Auf die Erhöhungen hätten einige Eltern bereits reagiert: Bis Ende September wurden zwei Plätze im Buchenbrandkindergarten gekündigt, einer in Utzenfluh und vier Eltern nahmen ihre Zusage für einen Krippenplatz zurück.

Moritz Bausch sagte, wenn bei einer Gruppe mit zehn Kindern fünf Kinder ihren Platz nicht mehr wahrnähmen, hieße das, dass die Kosten für die Betreuung steigen. Ein Mann meinte, wenn von 150 zu betreuenden Kindern 50 auf eine Betreuung verzichtet würde, wäre Schönau von den 15 Prozent Kostendeckungsgrad „ganz weit weg“.

Andrea Kiefer, stellvertretende Vorsitzende des Pfarrgemeinderats und Stiftungsrätin, erinnerte an den Beschluss des Stiftungsrats zur Festsetzung der Gebühren für das Kindergartenjahr 2025/2026 für den katholischen Kindergarten.

Soziale Staffelung bleibt

Die Erzdiözese Freiburg habe die Kigagebühren um 7,5 Prozent erhöht. Beibehalten wurde auch die soziale Staffelung nach Anzahl der Kinder unter 18 Jahren in einer Familie. Sie verwies auf den Kostendeckungsgrad von 16 Prozent im katholischen Kindergarten, der sich an denen anderer Träger orientiere. „Ein Kostendeckungsgrad von 20 Prozent ist derzeit nirgendwo erreichbar“, meint Kiefer. Mit der Erhöhung von 7,5 Prozent halte sich die Erzdiözese Freiburg an ihre vertragliche Vereinbarung mit dem GVV. Schließlich wolle man alle Kindergärten in der Seelsorgeeinheit Oberes Wiesental gleich behandeln.

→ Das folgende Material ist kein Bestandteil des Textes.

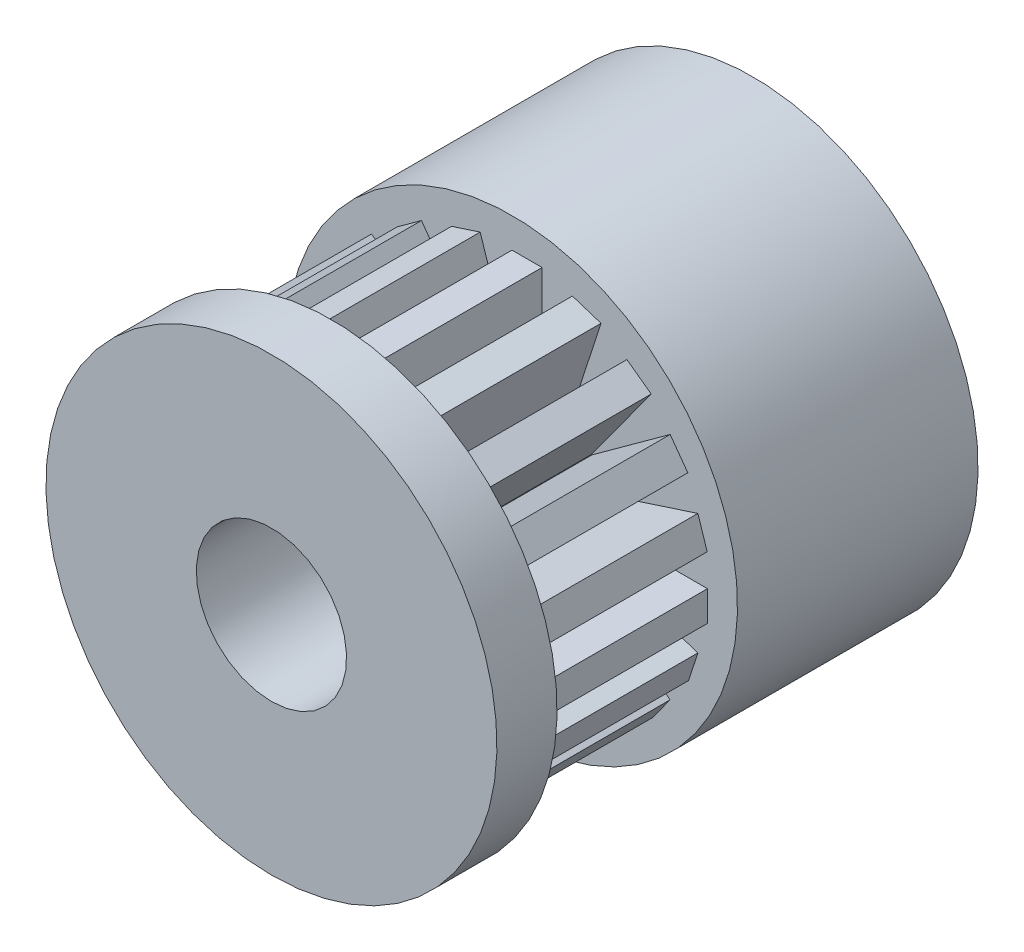
# Autodesk Inventor part: pulley20
Saved by Autodesk Inventor 2020 (Build 240168000, 168)
## iProperties
Created: 2022-12-14
Part Number: pulley20
Material: Generic
Document SubType Name: Modeling
Designer: Manish
Density: 1 g/cm^3
Appearance: Default
Author: Manish
Autodesk Inventor part; units mm, degrees
ref_plane "YZ Plane" through (0, 0, 0) normal (1, 0, 0) x (0, 1, 0)
ref_plane "XZ Plane" through (0, 0, 0) normal (0, 1, 0) x (-1, 0, 0)
ref_plane "XY Plane" through (0, 0, 0) normal (0, 0, 1) x (1, 0, 0)
sketch "Sketch2" plane through (0, 0, 0) normal (1, 0, 0) x (0, 1, 0)
  line L0 (0, 0) -> (-2.5, 0)
  line L1 (-2.5, 0) -> (-7.5, 0)
  line L2 (-7.5, 0) -> (-7.5, -2)
  line L3 (-7.5, -2) -> (-2.5, -2)
  line L4 (-2.5, -2) -> (-2.5, -8)
  line L5 (-2.5, -8) -> (-7.5, -8)
  line L6 (-7.5, -8) -> (-7.5, -16)
  line L7 (-7.5, -16) -> (-2.5, -16)
  line L8 (-2.5, -16) -> (-2.5, 0)
  line L9 (-3.284, -8) -> (-3.284, -2)
  line L10 (0, -19.2) -> (0, 3.2) projected
  point P0 (-2.5, -2)
  dimension "d1" = 2.5
  dimension "d2" = 5
  dimension "d3" = 2
  dimension "d4" = 6
  dimension "d5" = 8
  constraints: 20 end point, 6 point on line, 5 perpendicular, 1 collinear, 1 horizontal, 1 vertical
  measures "d1" distance of L0.start L0.end
  measures "d2" distance of L0.end L1.end
  measures "d3" distance of L1.end L2.end
  measures "d4" distance of L3.end L4.end
  measures "d5" distance of L5.end L6.end
revolve "Revolution1" add sketch "Sketch2" angle 360 about axis through (0, 0, -10) along (0, 0, 1)
sketch "Sketch4" plane through (0, 0, -8) normal (0, 0, 1) x (1, 0, 0)
  circle A0 centre (0, 0) radius 2.5 projected
  line L0 (0, -2.5) -> (0, -6.5)
  line L1 (0, -6.5) -> (-1, -6.5)
  line L2 (-1, -6.5) -> (-1, -2.2755)
  point P0 (-1, -2.2913)
  dimension "d14" = 4
  dimension "d15" = 1
  constraints: 6 end point, 2 perpendicular, 1 vertical, 2 other
  measures "d14" distance of L0.start L0.end
  measures "d15" distance of L0.end L1.end
extrude "Extrusion2" add sketch "Sketch4" along normal blind 6 contours L0 L1 L2 A0
pattern_circular "Circular Pattern2" count 20 over 360 about axis through (0, 0, -10) along (0, 0, 1) of "Extrusion2"
ref_plane "Work Plane1" through (0, 0, 0) normal (0, 0, 1) x (1, 0, 0)
body "Solid1"
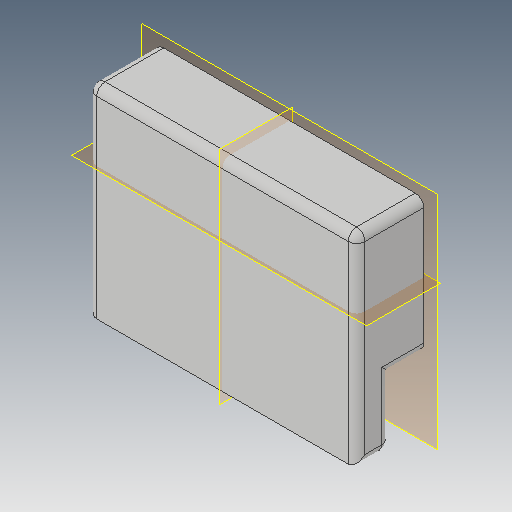
# Autodesk Inventor part: handle
Saved by Autodesk Inventor 2017 (Build 210142000, 142)
## iProperties
Created: 2018-11-28
Part Number: handle
Material: Generic
Document SubType Name: Modeling
Designer: jpb34
Density: 1 g/cm^3
Appearance: Default
Author: jpb34
Autodesk Inventor part; units mm, degrees
sketch "Sketch1" plane through (0, 0, 0) normal (0, 0, 1) x (1, 0, 0)
  line L0 (-47.625, 26.0649) -> (47.625, 26.0649)
  line L1 (50.8, 22.8899) -> (50.8, -21.5601)
  line L2 (47.625, -24.7351) -> (-47.625, -24.7351)
  line L3 (-50.8, -21.5601) -> (-50.8, 22.8899)
  arc A0 (-47.625, 26.0649) -> (-50.8, 22.8899) centre (-47.625, 22.8899) ccw
  arc A1 (-50.8, -21.5601) -> (-47.625, -24.7351) centre (-47.625, -21.5601) ccw
  arc A2 (47.625, -24.7351) -> (50.8, -21.5601) centre (47.625, -21.5601) ccw
  arc A3 (50.8, 22.8899) -> (47.625, 26.0649) centre (47.625, 22.8899) ccw
  point P0 (0, 0)
  point P1 (-50.8, 26.0649)
  point P2 (50.8, -24.7351)
  point P3 (50.8, 26.0649)
  dimension "d0" = 101.6
  dimension "d1" = 50.8
  dimension "d2" = 3.175
  dimension "d10" = 50.8
  constraints: 8 end point, 8 point on circle, 8 tangent, 6 point on line, 4 centre point, 3 equal radius, 2 parallel, 1 horizontal, 1 perpendicular
  measures "d0" distance of point (-50.8, 26.065) point (50.8, 26.065)
  measures "d1" distance of point (50.8, 26.065) point (50.8, -24.735)
  measures "d2" radius of A0
  measures "d10" distance from line of point (0, 0) L3
extrude "Extrusion1" add sketch "Sketch1" along normal blind 12.7
sketch "Sketch2" plane through (0, 0, 12.7) normal (0, 0, 1) x (1, 0, 0)
  line L0 (-47.625, 26.0649) -> (47.625, 26.0649)
  line L1 (50.8, 22.8899) -> (50.8, -50.1351)
  line L2 (50.8, -50.1351) -> (-50.8, -50.1351)
  line L3 (-50.8, -50.1351) -> (-50.8, 22.8899)
  line L4 (47.625, 26.0649) -> (-47.625, 26.0649) projected
  arc A0 (-47.625, 26.0649) -> (-50.8, 22.8899) centre (-47.625, 22.8899) ccw
  arc A1 (50.8, 22.8899) -> (47.625, 26.0649) centre (47.625, 22.8899) ccw
  point P0 (0, 0)
  point P1 (50.8, 26.0649)
  dimension "d5" = 76.2
  dimension "d6" = 0
  dimension "d7" = 101.6
  dimension "d8" = 50.8
  dimension "d9" = 3.175
  dimension "d11" = 3.175
  constraints: 8 end point, 4 point on circle, 4 tangent, 2 centre point, 2 parallel, 2 point on line, 1 horizontal, 1 perpendicular
  measures "d5" distance of point (50.8, 26.065) L1.end
  measures "d6" distance between parallel lines of L4 L0
  measures "d7" distance of L1.end L2.end
  measures "d8" distance from line of point (0, 0) L1
  measures "d9" radius of A0
  measures "d11" radius of A1
extrude "Extrusion2" add sketch "Sketch2" along normal blind 12.7
fillet "Fillet1" radius 3.175 1 edges at (0, -50.1351, 12.7)
fillet "Fillet2" radius 3.175 8 edges at (50.8, -50.1351, 20.6375) (50.8, -49.2051, 13.6299) (50.8, -34.2601, 12.7) (-49.8701, 25.135, 25.4) (-50.8, -13.6226, 25.4) (49.8701, 25.135, 25.4) (50.8, -13.6226, 25.4) (0, 26.0649, 25.4)
body "Solid1"

Götz: „Kuratorium soll beraten“

Irina Götz, Geschäftsführerin Kindertageseinrichtung in der Verrechnungsstelle für katholische Kirchengemeinden Schopfheim, hat in einem Brief an den GVV darauf hingewiesen, dass das Kuratorium vor einer Entscheidung über die Festsetzung und Änderung des Elternbeitrags beraten solle. Das Kuratorium habe sich aber noch nicht gebildet. Es besteht aus dem GVV-Vorsitzenden und zwei Vertretern der Verbandsversammlung, dem katholischen Pfarrer und zwei Vertretern des Pfarrgemeinderats oder des Stiftungsrats.

Der GVV hat die Kitagebühren um bis zu 94 Euro pro Monat erhöht. Wer sein Kind zum Beispiel in einer Kinderkrippe betreuen lässt, zahlt für sein erstes Kind seit Anfang September 610 statt 516 Euro.

Die Schönauer Gemeinderätin Marika Prekur (Freie Wähler) sagte, für eine Frau sei es wichtig, mit einem Fuß in der Arbeit zu bleiben: „Wir versuchen eine Lösung zu finden.“ Ethem Sahin (SPD) sagte, eine Gebührenerhöhung müsse kommen, er sprach sich aber gegen eine Rabattstaffelung aus.

Keine FSJ-Stelle

Abgelehnt hat das Gremium die Beschlussvorschläge der Verwaltung für den Buchenbrandkindergarten: die Neueinstellung der Erzieher als Nachfolgeregelung mit 20 Wochenstunden, eine FSJ-Stelle, statt zweien, sowie den Vorschlag, keine neue PIA-Stelle auszuschreiben. Angenommen wurde der Beschlussvorschlag, dass dritte Kind kostenfrei sein soll, wenn drei Kinder gleichzeitig dieselbe Einrichtung besuchen.